John Gielgud’s amiable, chatty, and sometimes wickedly ironic voice permeates this narrative. In recalling his early years at the Old Vic, he candidly remarks that there were whole passages he failed to understand, “but I padded my doublet and wore a false beard and shouted and boomed and seemed to get some sort of result.” This sort of refreshing candor comes from the accumulated wisdom of a distinguished career. However, Gielgud’s self-skewering remark acts as a disarming prelude to a droll discussion of the American penchant for the fruitless probing of character and the endless exploration of the complexities of motivation—all of which, he suggests, does little to bring the play to the audience. When Gielgud remarks that his friend and much lauded colleague Lawrence Olivier had a fondness for artificial noses that sometimes diminished the effect of his performance, his observation is saved from being mean-spirited by a narrative voice of wry and self-effacing wisdom.

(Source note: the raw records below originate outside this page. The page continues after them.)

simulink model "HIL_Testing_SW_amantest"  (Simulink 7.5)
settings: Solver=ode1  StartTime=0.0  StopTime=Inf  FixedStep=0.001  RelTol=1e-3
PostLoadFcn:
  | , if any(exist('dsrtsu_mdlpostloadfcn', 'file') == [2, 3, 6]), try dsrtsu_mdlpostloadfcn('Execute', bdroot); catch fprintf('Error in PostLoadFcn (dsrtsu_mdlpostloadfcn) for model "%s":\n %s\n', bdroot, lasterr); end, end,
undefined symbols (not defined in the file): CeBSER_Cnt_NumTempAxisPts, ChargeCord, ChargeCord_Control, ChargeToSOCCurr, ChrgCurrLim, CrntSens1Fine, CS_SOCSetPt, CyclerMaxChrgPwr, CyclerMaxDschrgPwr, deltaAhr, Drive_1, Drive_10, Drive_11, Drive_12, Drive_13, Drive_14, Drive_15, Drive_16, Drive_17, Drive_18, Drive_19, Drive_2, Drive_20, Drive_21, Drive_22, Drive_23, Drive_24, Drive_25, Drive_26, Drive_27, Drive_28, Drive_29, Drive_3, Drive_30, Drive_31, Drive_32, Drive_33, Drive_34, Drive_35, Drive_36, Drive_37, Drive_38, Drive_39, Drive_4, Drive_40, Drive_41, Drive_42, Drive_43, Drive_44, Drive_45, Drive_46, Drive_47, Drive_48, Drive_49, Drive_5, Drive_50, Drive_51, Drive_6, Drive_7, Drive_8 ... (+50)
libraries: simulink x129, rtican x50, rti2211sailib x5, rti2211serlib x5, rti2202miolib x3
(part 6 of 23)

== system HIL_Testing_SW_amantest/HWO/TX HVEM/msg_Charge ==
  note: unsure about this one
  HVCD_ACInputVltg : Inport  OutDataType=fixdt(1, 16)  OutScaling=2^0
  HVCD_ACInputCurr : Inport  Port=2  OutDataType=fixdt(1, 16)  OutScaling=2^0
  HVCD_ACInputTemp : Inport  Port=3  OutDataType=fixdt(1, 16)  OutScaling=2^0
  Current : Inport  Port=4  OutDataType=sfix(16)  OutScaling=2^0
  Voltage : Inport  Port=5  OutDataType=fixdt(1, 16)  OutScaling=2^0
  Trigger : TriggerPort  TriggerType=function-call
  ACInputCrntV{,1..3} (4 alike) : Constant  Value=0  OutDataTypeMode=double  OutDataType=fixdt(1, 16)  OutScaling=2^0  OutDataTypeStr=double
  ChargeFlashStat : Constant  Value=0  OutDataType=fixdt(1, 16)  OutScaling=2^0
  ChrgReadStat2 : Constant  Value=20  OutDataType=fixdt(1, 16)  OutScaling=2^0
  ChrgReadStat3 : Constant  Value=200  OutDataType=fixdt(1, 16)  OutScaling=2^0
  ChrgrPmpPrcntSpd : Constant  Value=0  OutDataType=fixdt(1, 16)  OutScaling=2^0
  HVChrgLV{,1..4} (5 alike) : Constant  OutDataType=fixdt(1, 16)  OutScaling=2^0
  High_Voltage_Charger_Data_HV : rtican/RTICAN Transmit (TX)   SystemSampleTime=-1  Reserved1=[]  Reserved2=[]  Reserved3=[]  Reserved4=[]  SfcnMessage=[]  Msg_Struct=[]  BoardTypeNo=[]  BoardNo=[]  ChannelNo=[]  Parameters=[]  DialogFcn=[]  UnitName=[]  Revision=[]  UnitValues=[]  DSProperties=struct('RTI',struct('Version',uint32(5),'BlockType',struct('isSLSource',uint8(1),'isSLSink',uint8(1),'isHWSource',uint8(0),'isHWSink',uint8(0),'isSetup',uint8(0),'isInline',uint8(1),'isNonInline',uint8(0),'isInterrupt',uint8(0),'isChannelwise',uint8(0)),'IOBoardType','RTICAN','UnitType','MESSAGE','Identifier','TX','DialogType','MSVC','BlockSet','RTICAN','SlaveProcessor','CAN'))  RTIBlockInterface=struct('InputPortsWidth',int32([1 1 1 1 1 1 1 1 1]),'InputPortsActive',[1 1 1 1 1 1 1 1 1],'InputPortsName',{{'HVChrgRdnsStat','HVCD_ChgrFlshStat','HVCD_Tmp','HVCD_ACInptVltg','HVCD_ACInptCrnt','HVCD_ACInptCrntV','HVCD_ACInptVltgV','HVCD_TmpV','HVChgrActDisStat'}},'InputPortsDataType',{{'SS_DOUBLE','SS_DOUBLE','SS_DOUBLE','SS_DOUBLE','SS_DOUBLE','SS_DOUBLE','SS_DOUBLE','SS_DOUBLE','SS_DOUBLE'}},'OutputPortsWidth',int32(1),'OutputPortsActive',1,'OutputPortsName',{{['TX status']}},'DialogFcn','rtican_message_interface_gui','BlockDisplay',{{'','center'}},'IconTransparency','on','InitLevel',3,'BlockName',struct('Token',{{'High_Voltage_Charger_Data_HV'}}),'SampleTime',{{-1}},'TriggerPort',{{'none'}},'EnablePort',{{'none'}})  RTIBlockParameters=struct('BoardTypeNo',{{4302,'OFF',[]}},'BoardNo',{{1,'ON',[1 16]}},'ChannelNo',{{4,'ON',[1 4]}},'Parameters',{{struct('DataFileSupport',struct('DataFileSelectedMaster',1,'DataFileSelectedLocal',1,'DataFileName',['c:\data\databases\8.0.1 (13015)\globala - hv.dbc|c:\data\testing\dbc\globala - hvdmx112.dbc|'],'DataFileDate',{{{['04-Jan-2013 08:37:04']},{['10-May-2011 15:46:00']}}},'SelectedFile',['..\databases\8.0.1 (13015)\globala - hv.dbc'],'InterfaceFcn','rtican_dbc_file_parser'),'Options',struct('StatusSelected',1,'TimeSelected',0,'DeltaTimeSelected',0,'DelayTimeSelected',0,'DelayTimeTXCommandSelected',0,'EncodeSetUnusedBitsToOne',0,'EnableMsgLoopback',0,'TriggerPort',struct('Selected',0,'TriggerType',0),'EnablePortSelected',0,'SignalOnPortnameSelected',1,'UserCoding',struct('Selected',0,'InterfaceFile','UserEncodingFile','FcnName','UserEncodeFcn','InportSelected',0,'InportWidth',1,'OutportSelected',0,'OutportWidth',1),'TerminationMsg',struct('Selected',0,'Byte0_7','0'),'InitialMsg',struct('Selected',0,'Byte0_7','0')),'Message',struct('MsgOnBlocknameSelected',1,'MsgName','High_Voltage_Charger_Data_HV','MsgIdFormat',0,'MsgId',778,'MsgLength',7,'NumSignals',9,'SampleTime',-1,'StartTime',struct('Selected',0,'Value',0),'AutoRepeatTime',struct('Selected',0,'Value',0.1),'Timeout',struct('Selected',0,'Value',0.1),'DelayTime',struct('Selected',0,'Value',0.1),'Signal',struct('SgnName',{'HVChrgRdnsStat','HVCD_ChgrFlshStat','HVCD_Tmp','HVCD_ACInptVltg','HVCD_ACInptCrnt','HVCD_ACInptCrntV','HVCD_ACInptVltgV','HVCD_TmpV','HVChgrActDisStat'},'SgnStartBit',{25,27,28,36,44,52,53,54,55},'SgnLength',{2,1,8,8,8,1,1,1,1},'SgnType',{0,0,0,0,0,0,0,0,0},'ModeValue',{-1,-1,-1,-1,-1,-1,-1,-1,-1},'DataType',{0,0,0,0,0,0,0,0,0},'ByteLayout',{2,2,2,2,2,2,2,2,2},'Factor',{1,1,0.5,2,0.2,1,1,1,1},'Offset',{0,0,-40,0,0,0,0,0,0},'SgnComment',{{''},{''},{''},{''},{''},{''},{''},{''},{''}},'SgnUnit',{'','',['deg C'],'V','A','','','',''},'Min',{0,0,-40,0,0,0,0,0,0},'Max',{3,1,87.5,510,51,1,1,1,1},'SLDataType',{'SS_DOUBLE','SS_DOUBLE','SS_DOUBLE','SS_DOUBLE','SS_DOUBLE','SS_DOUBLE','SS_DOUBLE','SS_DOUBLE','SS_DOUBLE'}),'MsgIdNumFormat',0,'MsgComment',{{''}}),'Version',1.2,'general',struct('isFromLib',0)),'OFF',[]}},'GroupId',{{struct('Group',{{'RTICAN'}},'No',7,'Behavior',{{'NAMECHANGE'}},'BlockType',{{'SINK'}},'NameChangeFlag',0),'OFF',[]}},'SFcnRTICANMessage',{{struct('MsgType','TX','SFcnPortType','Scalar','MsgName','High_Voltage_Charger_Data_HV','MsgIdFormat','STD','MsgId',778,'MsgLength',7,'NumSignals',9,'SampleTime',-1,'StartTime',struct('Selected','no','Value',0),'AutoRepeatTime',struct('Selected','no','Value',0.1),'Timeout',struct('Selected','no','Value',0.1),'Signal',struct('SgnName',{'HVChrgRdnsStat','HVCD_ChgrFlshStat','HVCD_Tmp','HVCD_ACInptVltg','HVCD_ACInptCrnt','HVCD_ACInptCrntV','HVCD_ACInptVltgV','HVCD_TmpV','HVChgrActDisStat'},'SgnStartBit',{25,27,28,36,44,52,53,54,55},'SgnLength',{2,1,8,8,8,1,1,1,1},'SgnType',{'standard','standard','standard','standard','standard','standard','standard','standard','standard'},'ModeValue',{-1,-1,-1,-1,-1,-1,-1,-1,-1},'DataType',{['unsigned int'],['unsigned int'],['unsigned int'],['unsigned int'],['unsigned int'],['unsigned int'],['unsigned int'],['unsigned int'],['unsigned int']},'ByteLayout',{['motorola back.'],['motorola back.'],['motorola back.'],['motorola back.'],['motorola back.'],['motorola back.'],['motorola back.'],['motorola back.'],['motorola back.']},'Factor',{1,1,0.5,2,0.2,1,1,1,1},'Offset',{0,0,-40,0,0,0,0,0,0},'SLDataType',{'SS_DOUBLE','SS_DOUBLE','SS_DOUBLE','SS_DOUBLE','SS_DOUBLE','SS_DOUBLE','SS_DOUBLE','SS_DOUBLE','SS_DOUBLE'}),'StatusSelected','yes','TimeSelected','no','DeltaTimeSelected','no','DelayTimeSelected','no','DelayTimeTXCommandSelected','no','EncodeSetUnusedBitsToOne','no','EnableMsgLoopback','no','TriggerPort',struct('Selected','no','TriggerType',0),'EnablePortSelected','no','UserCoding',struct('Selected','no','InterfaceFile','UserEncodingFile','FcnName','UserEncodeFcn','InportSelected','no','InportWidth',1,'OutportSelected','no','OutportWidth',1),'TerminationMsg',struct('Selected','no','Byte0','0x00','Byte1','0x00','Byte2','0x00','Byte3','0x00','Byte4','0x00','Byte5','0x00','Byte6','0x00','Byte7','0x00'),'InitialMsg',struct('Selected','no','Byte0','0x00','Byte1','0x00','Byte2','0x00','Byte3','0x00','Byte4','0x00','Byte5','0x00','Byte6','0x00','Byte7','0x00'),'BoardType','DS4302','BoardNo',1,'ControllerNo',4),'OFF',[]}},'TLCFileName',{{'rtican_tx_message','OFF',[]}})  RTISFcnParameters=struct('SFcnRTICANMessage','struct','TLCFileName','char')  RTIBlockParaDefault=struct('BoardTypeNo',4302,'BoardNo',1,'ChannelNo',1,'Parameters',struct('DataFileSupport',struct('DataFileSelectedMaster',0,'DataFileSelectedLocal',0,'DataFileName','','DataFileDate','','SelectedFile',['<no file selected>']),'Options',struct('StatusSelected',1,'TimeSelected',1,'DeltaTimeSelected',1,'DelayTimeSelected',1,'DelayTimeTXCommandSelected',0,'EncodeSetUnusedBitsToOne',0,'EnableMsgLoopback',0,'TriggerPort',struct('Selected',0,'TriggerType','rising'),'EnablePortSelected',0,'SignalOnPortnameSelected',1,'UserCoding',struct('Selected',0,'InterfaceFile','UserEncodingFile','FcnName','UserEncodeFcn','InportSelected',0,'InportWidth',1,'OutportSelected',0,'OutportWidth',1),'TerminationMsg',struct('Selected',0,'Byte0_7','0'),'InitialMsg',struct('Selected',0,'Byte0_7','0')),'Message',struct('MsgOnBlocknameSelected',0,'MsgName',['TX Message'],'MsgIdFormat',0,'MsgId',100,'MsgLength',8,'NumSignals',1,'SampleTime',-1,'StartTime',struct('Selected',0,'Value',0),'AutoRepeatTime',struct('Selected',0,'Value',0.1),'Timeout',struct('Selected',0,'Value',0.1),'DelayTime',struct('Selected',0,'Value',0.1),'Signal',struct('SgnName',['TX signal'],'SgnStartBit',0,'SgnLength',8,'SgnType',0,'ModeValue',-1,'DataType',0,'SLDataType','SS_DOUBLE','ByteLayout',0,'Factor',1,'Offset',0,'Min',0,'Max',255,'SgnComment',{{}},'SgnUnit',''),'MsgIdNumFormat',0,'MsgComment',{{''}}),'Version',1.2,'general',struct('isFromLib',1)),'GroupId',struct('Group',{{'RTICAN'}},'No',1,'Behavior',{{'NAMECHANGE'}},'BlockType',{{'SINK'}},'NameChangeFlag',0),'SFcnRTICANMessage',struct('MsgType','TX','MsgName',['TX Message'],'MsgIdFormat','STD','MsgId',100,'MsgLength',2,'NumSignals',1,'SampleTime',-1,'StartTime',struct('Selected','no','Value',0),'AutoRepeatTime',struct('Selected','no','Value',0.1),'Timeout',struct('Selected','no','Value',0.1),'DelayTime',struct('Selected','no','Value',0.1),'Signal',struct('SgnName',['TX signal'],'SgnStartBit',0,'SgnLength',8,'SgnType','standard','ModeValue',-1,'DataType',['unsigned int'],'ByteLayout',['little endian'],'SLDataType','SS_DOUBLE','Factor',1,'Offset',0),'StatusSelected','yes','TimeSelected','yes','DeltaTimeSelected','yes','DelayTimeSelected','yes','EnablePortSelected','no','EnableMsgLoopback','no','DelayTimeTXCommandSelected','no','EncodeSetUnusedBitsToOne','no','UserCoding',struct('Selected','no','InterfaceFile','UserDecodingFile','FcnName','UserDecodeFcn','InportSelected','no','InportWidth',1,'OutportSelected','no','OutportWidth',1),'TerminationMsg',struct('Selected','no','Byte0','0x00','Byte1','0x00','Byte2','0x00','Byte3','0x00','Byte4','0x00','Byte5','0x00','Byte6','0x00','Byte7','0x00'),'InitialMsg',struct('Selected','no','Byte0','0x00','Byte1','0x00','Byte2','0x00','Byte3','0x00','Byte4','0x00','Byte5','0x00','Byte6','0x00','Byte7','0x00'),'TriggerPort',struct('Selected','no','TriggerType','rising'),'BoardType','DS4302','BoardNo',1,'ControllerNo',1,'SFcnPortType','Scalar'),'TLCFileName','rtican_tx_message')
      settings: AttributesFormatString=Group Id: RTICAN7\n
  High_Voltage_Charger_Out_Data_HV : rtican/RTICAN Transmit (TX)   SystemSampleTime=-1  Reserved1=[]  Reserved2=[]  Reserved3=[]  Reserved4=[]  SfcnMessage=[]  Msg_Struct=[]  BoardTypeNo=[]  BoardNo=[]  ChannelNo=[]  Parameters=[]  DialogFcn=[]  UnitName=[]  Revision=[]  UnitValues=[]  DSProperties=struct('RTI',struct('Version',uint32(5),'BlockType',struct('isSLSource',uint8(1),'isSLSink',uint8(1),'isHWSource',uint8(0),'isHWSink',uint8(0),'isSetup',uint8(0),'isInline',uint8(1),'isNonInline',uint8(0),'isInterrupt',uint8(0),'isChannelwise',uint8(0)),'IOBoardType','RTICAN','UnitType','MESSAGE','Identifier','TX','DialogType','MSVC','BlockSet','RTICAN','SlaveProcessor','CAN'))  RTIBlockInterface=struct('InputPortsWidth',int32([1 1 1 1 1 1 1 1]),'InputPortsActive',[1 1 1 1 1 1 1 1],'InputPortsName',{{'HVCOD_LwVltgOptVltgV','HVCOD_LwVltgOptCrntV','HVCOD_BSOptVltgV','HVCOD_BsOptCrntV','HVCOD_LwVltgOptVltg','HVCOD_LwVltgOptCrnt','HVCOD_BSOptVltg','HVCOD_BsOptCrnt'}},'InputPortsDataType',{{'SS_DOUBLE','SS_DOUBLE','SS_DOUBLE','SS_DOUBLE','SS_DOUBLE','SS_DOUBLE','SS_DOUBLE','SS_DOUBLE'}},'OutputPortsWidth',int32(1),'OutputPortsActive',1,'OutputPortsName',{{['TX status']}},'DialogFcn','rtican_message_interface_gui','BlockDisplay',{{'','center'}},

Gielgud’s reminiscences havebeen admirably edited by his longtime colleague John Miller, who has sketched a chronological frame for Gielgud’s reflections on his career. Miller outlines the highlights of Sir John’s career in an informative introduction. Moreover, he supplies four interesting appendices that provide intriguing tidbits of information. The index of “The Casts” reveals a host of familiar names. In a 1937 production of RICHARD II, Gielgud directed himself in...
(The entire section is 336 words.)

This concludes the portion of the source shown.